For years, the city's policy regarding these troubled spots could be summed up in two words: Fine 'em. Following a complaint, the Department of Licenses and Inspections (L&I) would send out an inspector, issue a fine and call it a day. A property could be fined dozens of times before the city took its owner to court. But under Commissioner Frances Burns, L&I cleared its 38,000-strong backlog of properties waiting inspection by instituing a radically simple policy: They now issue three fines, and then take an owner to court.

The result, Burns says, is energy and manpower for new projects — and starting in the next couple of weeks, the department intends to launch a pilot program aimed at rounding up and bringing to court absentee landlords. Now, Burns says, L&I is ready to begin actively seeking out absentee owners to either force them into compliance or bring them to court. The project is the first tangible result of a Nutter administration review of vacant lot policies, by the Managing Director's and Finance Director's offices. In the next few weeks, L&I officials will begin visiting 25,000 properties identified as vacant, one by one, and issuing appropriate violations.

The program will start in less-blighted areas on the city's waterfront — a decision Councilwoman Maria Quiñones-Sánchez, parts of whose district are heavily blighted, found surprising — but which L&I officials characterize as a way to learn on the go.

At their disposal are a few tools, new or previously underutilized, to get at owners. There's the "Doors and Windows Law," a part of the city code that requires vacant properties on mostly occupied blocks to have functioning doors and windows — plywood doesn't cut it. But probably the most innovative strategem L&I is employing is good old-fashioned gumshoeing. L&I director of strategic initiatives Maura Kennedy intends to systematically comb through various databases — including one used by the Internal Revenue Service — to determine ownership in cases where savvier owners hide behind corporate fronts.

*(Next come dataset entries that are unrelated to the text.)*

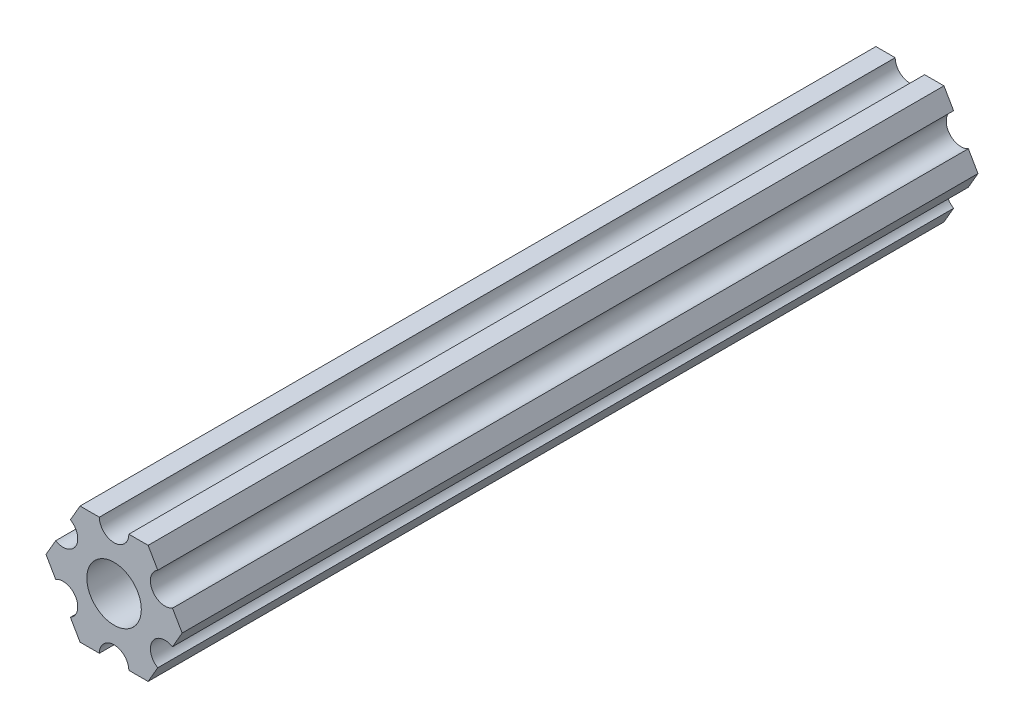
ISO-10303-21;
HEADER;
FILE_DESCRIPTION(('STEP AP214'),'2;1');
FILE_NAME('part.step','',(''),(''),'','','');
FILE_SCHEMA(('AUTOMOTIVE_DESIGN { 1 0 10303 214 1 1 1 1 }'));
ENDSEC;
DATA;
#1=APPLICATION_CONTEXT('core data for automotive mechanical design processes');
#2=APPLICATION_PROTOCOL_DEFINITION('international standard','automotive_design',2000,#1);
#3=PRODUCT_CONTEXT('',#1,'mechanical');
#4=PRODUCT('Part','Part','',(#3));
#5=PRODUCT_RELATED_PRODUCT_CATEGORY('part','',(#4));
#6=PRODUCT_DEFINITION_FORMATION('','',#4);
#7=PRODUCT_DEFINITION_CONTEXT('part definition',#1,'design');
#8=PRODUCT_DEFINITION('design','',#6,#7);
#9=PRODUCT_DEFINITION_SHAPE('','',#8);
#10=(LENGTH_UNIT() NAMED_UNIT(*) SI_UNIT(.MILLI.,.METRE.));
#11=(NAMED_UNIT(*) PLANE_ANGLE_UNIT() SI_UNIT($,.RADIAN.));
#12=(NAMED_UNIT(*) SI_UNIT($,.STERADIAN.) SOLID_ANGLE_UNIT());
#13=UNCERTAINTY_MEASURE_WITH_UNIT(LENGTH_MEASURE(1.E-05),#10,'distance_accuracy_value','');
#14=(GEOMETRIC_REPRESENTATION_CONTEXT(3) GLOBAL_UNCERTAINTY_ASSIGNED_CONTEXT((#13)) GLOBAL_UNIT_ASSIGNED_CONTEXT((#10,
#11,#12)) REPRESENTATION_CONTEXT('',''));
#15=CARTESIAN_POINT('',(0.,0.,0.));
#16=DIRECTION('',(0.,0.,1.));
#17=DIRECTION('',(1.,0.,0.));
#18=AXIS2_PLACEMENT_3D('',#15,#16,#17);
#19=CARTESIAN_POINT('',(5.49926112168156,3.17500033315933,85.725));
#20=DIRECTION('',(0.,0.,1.));
#21=DIRECTION('',(1.,0.,0.));
#22=AXIS2_PLACEMENT_3D('',#19,#20,#21);
#23=PLANE('',#22);
#24=DIRECTION('',(0.499999947533953,0.866025434075723,0.));
#25=VECTOR('',#24,1.);
#26=CARTESIAN_POINT('',(6.29301142309098,-1.80018429024546,85.725));
#27=LINE('',#26,#25);
#28=CARTESIAN_POINT('',(6.29301142309098,-1.80018429024546,85.725));
#29=VERTEX_POINT('',#28);
#30=CARTESIAN_POINT('',(7.33234841870826,4.44212519169686E-07,85.725));
#31=VERTEX_POINT('',#30);
#32=EDGE_CURVE('E226',#29,#31,#27,.T.);
#33=ORIENTED_EDGE('',*,*,#32,.T.);
#34=DIRECTION('',(-0.500000052466056,0.866025373493145,0.));
#35=VECTOR('',#34,1.);
#36=CARTESIAN_POINT('',(7.33234841870826,4.44212519169686E-07,85.725));
#37=LINE('',#36,#35);
#38=CARTESIAN_POINT('',(6.29301120497139,1.80018505273894,85.725));
#39=VERTEX_POINT('',#38);
#40=EDGE_CURVE('E124',#31,#39,#37,.T.);
#41=ORIENTED_EDGE('',*,*,#40,.T.);
#42=CARTESIAN_POINT('',(5.49926112168156,3.17500033315933,85.725));
#43=DIRECTION('',(0.,0.,-1.));
#44=DIRECTION('',(1.,0.,0.));
#45=AXIS2_PLACEMENT_3D('',#42,#43,#44);
#46=CIRCLE('',#45,1.5875);
#47=CARTESIAN_POINT('',(4.70551103839172,4.54981561357972,85.725));
#48=VERTEX_POINT('',#47);
#49=EDGE_CURVE('E271',#39,#48,#46,.T.);
#50=ORIENTED_EDGE('',*,*,#49,.T.);
#51=DIRECTION('',(-0.500000052466046,0.866025373493151,0.));
#52=VECTOR('',#51,1.);
#53=CARTESIAN_POINT('',(4.70551103839172,4.54981561357972,85.725));
#54=LINE('',#53,#52);
#55=CARTESIAN_POINT('',(3.66617382465481,6.35000022210627,85.725));
#56=VERTEX_POINT('',#55);
#57=EDGE_CURVE('E290',#48,#56,#54,.T.);
#58=ORIENTED_EDGE('',*,*,#57,.T.);
#59=DIRECTION('',(-0.999999999999998,-6.05825850611185E-08,0.));
#60=VECTOR('',#59,1.);
#61=CARTESIAN_POINT('',(3.66617382465481,6.35000022210627,85.725));
#62=LINE('',#61,#60);
#63=CARTESIAN_POINT('',(1.58749961530074,6.35000009617482,85.725));
#64=VERTEX_POINT('',#63);
#65=EDGE_CURVE('E287',#56,#64,#62,.T.);
#66=ORIENTED_EDGE('',*,*,#65,.T.);
#67=CARTESIAN_POINT('',(-3.84699260060323E-07,6.35,85.725));
#68=DIRECTION('',(0.,0.,-1.));
#69=DIRECTION('',(1.,0.,0.));
#70=AXIS2_PLACEMENT_3D('',#67,#68,#69);
#71=CIRCLE('',#70,1.5875);
#72=CARTESIAN_POINT('',(-1.58750038469926,6.34999990382518,85.725));
#73=VERTEX_POINT('',#72);
#74=EDGE_CURVE('E289',#64,#73,#71,.T.);
#75=ORIENTED_EDGE('',*,*,#74,.T.);
#76=DIRECTION('',(-0.999999999999998,-6.05825963273174E-08,0.));
#77=VECTOR('',#76,1.);
#78=CARTESIAN_POINT('',(-1.58750038469926,6.34999990382518,85.725));
#79=LINE('',#78,#77);
#80=CARTESIAN_POINT('',(-3.66617459405349,6.3499997778937,85.725));
#81=VERTEX_POINT('',#80);
#82=EDGE_CURVE('E292',#73,#81,#79,.T.);
#83=ORIENTED_EDGE('',*,*,#82,.T.);
#84=DIRECTION('',(-0.499999947533942,-0.866025434075729,0.));
#85=VECTOR('',#84,1.);
#86=CARTESIAN_POINT('',(-3.66617459405349,6.3499997778937,85.725));
#87=LINE('',#86,#85);
#88=CARTESIAN_POINT('',(-4.70551158967065,4.54981504343587,85.725));
#89=VERTEX_POINT('',#88);
#90=EDGE_CURVE('E298',#81,#89,#87,.T.);
#91=ORIENTED_EDGE('',*,*,#90,.T.);
#92=CARTESIAN_POINT('',(-5.49926150638082,3.17499966684067,85.725));
#93=DIRECTION('',(0.,0.,-1.));
#94=DIRECTION('',(1.,0.,0.));
#95=AXIS2_PLACEMENT_3D('',#92,#93,#94);
#96=CIRCLE('',#95,1.5875);
#97=CARTESIAN_POINT('',(-6.29301142309098,1.80018429024547,85.725));
#98=VERTEX_POINT('',#97);
#99=EDGE_CURVE('E300',#89,#98,#96,.T.);
#100=ORIENTED_EDGE('',*,*,#99,.T.);
#101=DIRECTION('',(-0.499999947533951,-0.866025434075724,0.));
#102=VECTOR('',#101,1.);
#103=CARTESIAN_POINT('',(-6.29301142309098,1.80018429024547,85.725));
#104=LINE('',#103,#102);
#105=CARTESIAN_POINT('',(-7.33234841870826,-4.44212523790841E-07,85.725));
#106=VERTEX_POINT('',#105);
#107=EDGE_CURVE('E302',#98,#106,#104,.T.);
#108=ORIENTED_EDGE('',*,*,#107,.T.);
#109=DIRECTION('',(0.500000052466045,-0.866025373493151,0.));
#110=VECTOR('',#109,1.);
#111=CARTESIAN_POINT('',(-7.33234841870826,-4.44212523790841E-07,85.725));
#112=LINE('',#111,#110);
#113=CARTESIAN_POINT('',(-6.29301120497141,-1.80018505273897,85.725));
#114=VERTEX_POINT('',#113);
#115=EDGE_CURVE('E304',#106,#114,#112,.T.);
#116=ORIENTED_EDGE('',*,*,#115,.T.);
#117=CARTESIAN_POINT('',(-5.49926112168156,-3.17500033315934,85.725));
#118=DIRECTION('',(0.,0.,-1.));
#119=DIRECTION('',(1.,0.,0.));
#120=AXIS2_PLACEMENT_3D('',#117,#118,#119);
#121=CIRCLE('',#120,1.5875);
#122=CARTESIAN_POINT('',(-4.70551103839172,-4.54981561357972,85.725));
#123=VERTEX_POINT('',#122);
#124=EDGE_CURVE('E306',#114,#123,#121,.T.);
#125=ORIENTED_EDGE('',*,*,#124,.T.);
#126=DIRECTION('',(0.500000052466045,-0.866025373493151,0.));
#127=VECTOR('',#126,1.);
#128=CARTESIAN_POINT('',(-4.70551103839172,-4.54981561357972,85.725));
#129=LINE('',#128,#127);
#130=CARTESIAN_POINT('',(-3.66617382465481,-6.35000022210628,85.725));
#131=VERTEX_POINT('',#130);
#132=EDGE_CURVE('E308',#123,#131,#129,.T.);
#133=ORIENTED_EDGE('',*,*,#132,.T.);
#134=DIRECTION('',(0.999999999999998,6.05825854783851E-08,0.));
#135=VECTOR('',#134,1.);
#136=CARTESIAN_POINT('',(-3.66617382465481,-6.35000022210628,85.725));
#137=LINE('',#136,#135);
#138=CARTESIAN_POINT('',(-1.58749961530074,-6.35000009617482,85.725));
#139=VERTEX_POINT('',#138);
#140=EDGE_CURVE('E310',#131,#139,#137,.T.);
#141=ORIENTED_EDGE('',*,*,#140,.T.);
#142=CARTESIAN_POINT('',(3.8469926204343E-07,-6.35,85.725));
#143=DIRECTION('',(0.,0.,-1.));
#144=DIRECTION('',(1.,0.,0.));
#145=AXIS2_PLACEMENT_3D('',#142,#143,#144);
#146=CIRCLE('',#145,1.5875);
#147=CARTESIAN_POINT('',(1.58750038469926,-6.34999990382518,85.725));
#148=VERTEX_POINT('',#147);
#149=EDGE_CURVE('E173',#139,#148,#146,.T.);
#150=ORIENTED_EDGE('',*,*,#149,.T.);
#151=DIRECTION('',(0.999999999999998,6.05825721258438E-08,0.));
#152=VECTOR('',#151,1.);
#153=CARTESIAN_POINT('',(1.58750038469926,-6.34999990382518,85.725));
#154=LINE('',#153,#152);
#155=CARTESIAN_POINT('',(3.66617459405346,-6.34999977789375,85.725));
#156=VERTEX_POINT('',#155);
#157=EDGE_CURVE('E167',#148,#156,#154,.T.);
#158=ORIENTED_EDGE('',*,*,#157,.T.);
#159=DIRECTION('',(0.499999947533941,0.86602543407573,0.));
#160=VECTOR('',#159,1.);
#161=CARTESIAN_POINT('',(3.66617459405346,-6.34999977789375,85.725));
#162=LINE('',#161,#160);
#163=CARTESIAN_POINT('',(4.70551158967065,-4.54981504343587,85.725));
#164=VERTEX_POINT('',#163);
#165=EDGE_CURVE('E171',#156,#164,#162,.T.);
#166=ORIENTED_EDGE('',*,*,#165,.T.);
#167=CARTESIAN_POINT('',(5.49926150638082,-3.17499966684067,85.725));
#168=DIRECTION('',(0.,0.,-1.));
#169=DIRECTION('',(1.,0.,0.));
#170=AXIS2_PLACEMENT_3D('',#167,#168,#169);
#171=CIRCLE('',#170,1.58750000000001);
#172=EDGE_CURVE('E51',#164,#29,#171,.T.);
#173=ORIENTED_EDGE('',*,*,#172,.T.);
#174=EDGE_LOOP('',(#33,#41,#50,#58,#66,#75,#83,#91,#100,#108,#116,#125,#133,#141,#150,#158,#166,#173));
#175=FACE_BOUND('',#174,.T.);
#176=CARTESIAN_POINT('',(0.,0.,85.725));
#177=DIRECTION('',(0.,0.,1.));
#178=DIRECTION('',(1.,0.,0.));
#179=AXIS2_PLACEMENT_3D('',#176,#177,#178);
#180=CIRCLE('',#179,2.9337);
#181=CARTESIAN_POINT('',(2.9337,0.,85.725));
#182=VERTEX_POINT('',#181);
#183=EDGE_CURVE('E195',#182,#182,#180,.T.);
#184=ORIENTED_EDGE('',*,*,#183,.F.);
#185=EDGE_LOOP('',(#184));
#186=FACE_BOUND('',#185,.T.);
#187=ADVANCED_FACE('F34',(#175,#186),#23,.T.);
#188=CARTESIAN_POINT('',(5.49926112168156,3.17500033315933,0.));
#189=DIRECTION('',(0.,0.,1.));
#190=DIRECTION('',(1.,0.,0.));
#191=AXIS2_PLACEMENT_3D('',#188,#189,#190);
#192=PLANE('',#191);
#193=DIRECTION('',(0.499999947533953,0.866025434075723,0.));
#194=VECTOR('',#193,1.);
#195=CARTESIAN_POINT('',(6.29301142309098,-1.80018429024546,0.));
#196=LINE('',#195,#194);
#197=CARTESIAN_POINT('',(6.29301142309098,-1.80018429024546,0.));
#198=VERTEX_POINT('',#197);
#199=CARTESIAN_POINT('',(7.33234841870826,4.44212519169686E-07,0.));
#200=VERTEX_POINT('',#199);
#201=EDGE_CURVE('E191',#198,#200,#196,.T.);
#202=ORIENTED_EDGE('',*,*,#201,.F.);
#203=CARTESIAN_POINT('',(5.49926150638082,-3.17499966684067,0.));
#204=DIRECTION('',(0.,0.,-1.));
#205=DIRECTION('',(1.,0.,0.));
#206=AXIS2_PLACEMENT_3D('',#203,#204,#205);
#207=CIRCLE('',#206,1.58750000000001);
#208=CARTESIAN_POINT('',(4.70551158967065,-4.54981504343587,0.));
#209=VERTEX_POINT('',#208);
#210=EDGE_CURVE('E116',#209,#198,#207,.T.);
#211=ORIENTED_EDGE('',*,*,#210,.F.);
#212=DIRECTION('',(0.499999947533941,0.86602543407573,0.));
#213=VECTOR('',#212,1.);
#214=CARTESIAN_POINT('',(3.66617459405346,-6.34999977789375,0.));
#215=LINE('',#214,#213);
#216=CARTESIAN_POINT('',(3.66617459405346,-6.34999977789375,0.));
#217=VERTEX_POINT('',#216);
#218=EDGE_CURVE('E110',#217,#209,#215,.T.);
#219=ORIENTED_EDGE('',*,*,#218,.F.);
#220=DIRECTION('',(0.999999999999998,6.05825721258438E-08,0.));
#221=VECTOR('',#220,1.);
#222=CARTESIAN_POINT('',(1.58750038469926,-6.34999990382518,0.));
#223=LINE('',#222,#221);
#224=CARTESIAN_POINT('',(1.58750038469926,-6.34999990382518,0.));
#225=VERTEX_POINT('',#224);
#226=EDGE_CURVE('E181',#225,#217,#223,.T.);
#227=ORIENTED_EDGE('',*,*,#226,.F.);
#228=CARTESIAN_POINT('',(3.8469926204343E-07,-6.35,0.));
#229=DIRECTION('',(0.,0.,-1.));
#230=DIRECTION('',(1.,0.,0.));
#231=AXIS2_PLACEMENT_3D('',#228,#229,#230);
#232=CIRCLE('',#231,1.5875);
#233=CARTESIAN_POINT('',(-1.58749961530074,-6.35000009617482,0.));
#234=VERTEX_POINT('',#233);
#235=EDGE_CURVE('E221',#234,#225,#232,.T.);
#236=ORIENTED_EDGE('',*,*,#235,.F.);
#237=DIRECTION('',(0.999999999999998,6.05825854783851E-08,0.));
#238=VECTOR('',#237,1.);
#239=CARTESIAN_POINT('',(-3.66617382465481,-6.35000022210628,0.));
#240=LINE('',#239,#238);
#241=CARTESIAN_POINT('',(-3.66617382465481,-6.35000022210628,0.));
#242=VERTEX_POINT('',#241);
#243=EDGE_CURVE('E219',#242,#234,#240,.T.);
#244=ORIENTED_EDGE('',*,*,#243,.F.);
#245=DIRECTION('',(0.500000052466045,-0.866025373493151,0.));
#246=VECTOR('',#245,1.);
#247=CARTESIAN_POINT('',(-4.70551103839172,-4.54981561357972,0.));
#248=LINE('',#247,#246);
#249=CARTESIAN_POINT('',(-4.70551103839172,-4.54981561357972,0.));
#250=VERTEX_POINT('',#249);
#251=EDGE_CURVE('E217',#250,#242,#248,.T.);
#252=ORIENTED_EDGE('',*,*,#251,.F.);
#253=CARTESIAN_POINT('',(-5.49926112168156,-3.17500033315934,0.));
#254=DIRECTION('',(0.,0.,-1.));
#255=DIRECTION('',(1.,0.,0.));
#256=AXIS2_PLACEMENT_3D('',#253,#254,#255);
#257=CIRCLE('',#256,1.5875);
#258=CARTESIAN_POINT('',(-6.29301120497141,-1.80018505273897,0.));
#259=VERTEX_POINT('',#258);
#260=EDGE_CURVE('E215',#259,#250,#257,.T.);
#261=ORIENTED_EDGE('',*,*,#260,.F.);
#262=DIRECTION('',(0.500000052466045,-0.866025373493151,0.));
#263=VECTOR('',#262,1.);
#264=CARTESIAN_POINT('',(-7.33234841870826,-4.44212523790841E-07,0.));
#265=LINE('',#264,#263);
#266=CARTESIAN_POINT('',(-7.33234841870826,-4.44212523790841E-07,0.));
#267=VERTEX_POINT('',#266);
#268=EDGE_CURVE('E213',#267,#259,#265,.T.);
#269=ORIENTED_EDGE('',*,*,#268,.F.);
#270=DIRECTION('',(-0.499999947533951,-0.866025434075724,0.));
#271=VECTOR('',#270,1.);
#272=CARTESIAN_POINT('',(-6.29301142309098,1.80018429024547,0.));
#273=LINE('',#272,#271);
#274=CARTESIAN_POINT('',(-6.29301142309098,1.80018429024547,0.));
#275=VERTEX_POINT('',#274);
#276=EDGE_CURVE('E211',#275,#267,#273,.T.);
#277=ORIENTED_EDGE('',*,*,#276,.F.);
#278=CARTESIAN_POINT('',(-5.49926150638082,3.17499966684067,0.));
#279=DIRECTION('',(0.,0.,-1.));
#280=DIRECTION('',(1.,0.,0.));
#281=AXIS2_PLACEMENT_3D('',#278,#279,#280);
#282=CIRCLE('',#281,1.5875);
#283=CARTESIAN_POINT('',(-4.70551158967065,4.54981504343587,0.));
#284=VERTEX_POINT('',#283);
#285=EDGE_CURVE('E209',#284,#275,#282,.T.);
#286=ORIENTED_EDGE('',*,*,#285,.F.);
#287=DIRECTION('',(-0.499999947533942,-0.866025434075729,0.));
#288=VECTOR('',#287,1.);
#289=CARTESIAN_POINT('',(-3.66617459405349,6.3499997778937,0.));
#290=LINE('',#289,#288);
#291=CARTESIAN_POINT('',(-3.66617459405349,6.3499997778937,0.));
#292=VERTEX_POINT('',#291);
#293=EDGE_CURVE('E207',#292,#284,#290,.T.);
#294=ORIENTED_EDGE('',*,*,#293,.F.);
#295=DIRECTION('',(-0.999999999999998,-6.05825963273174E-08,0.));
#296=VECTOR('',#295,1.);
#297=CARTESIAN_POINT('',(-1.58750038469926,6.34999990382518,0.));
#298=LINE('',#297,#296);
#299=CARTESIAN_POINT('',(-1.58750038469926,6.34999990382518,0.));
#300=VERTEX_POINT('',#299);
#301=EDGE_CURVE('E205',#300,#292,#298,.T.);
#302=ORIENTED_EDGE('',*,*,#301,.F.);
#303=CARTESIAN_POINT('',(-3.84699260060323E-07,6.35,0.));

And who will perform this laborious feat? "Interns!" says a clearly excited Kennedy. What happens from there, though, remains to be seen. Recently, Harrisburg passed Act 90, also known as the Neighborhood Blight Reclamation and Revitalization Act, which gives cities more powers to go after absentee owners, including the ability of municipalities to extradite criminally negligent landlords, deny permits to owners with outstanding violations, and get at the personal finances of owners — instead of the city simply foreclosing on the vacant property. "We don't want these properties," emphasizes L&I's Burns. "We want their owners to bring them into compliance."

There are loopholes: A clause in the law exempts "associations and trusts" — a phrase that lets owners hide behind corporations: "It was built into the bill in the sausage-making process," acknowledges Liz Hersch, executive director of the Housing Alliance of Pennsylvania, whose group supported the bill. "Living with compromise ... is part of the deal."

Others point out that the pursuit of absentee owners ultimately boils down to political will and cost: "What you can do versus what your dollars allow you to do is the real question," notes Arnold B. Kogan, chair of the Pennsylvania Bar Association's Real Property section, who helped draft parts of the law. What's more, the city is not — yet, at least — using all of the powers at its disposal: It could, for example, deny building permits or landlord occupancy permits to owners who have outstanding L&I violations — a tool that isn't currently on the table.

Some worry that enforcement actions might eventually target poor owners who simply cannot maintain their properties. Quiñones-Sánchez recently introduced an amendment to a proposed city law mirroring Act 90 (introduced by Councilman Darrell Clarke) that would have exempted owner-occupied houses from having personal assets exposed.

L&I officials don't disagree: "We're going after larger landowners in the city," emphasizes Burns. "That's where we will go first."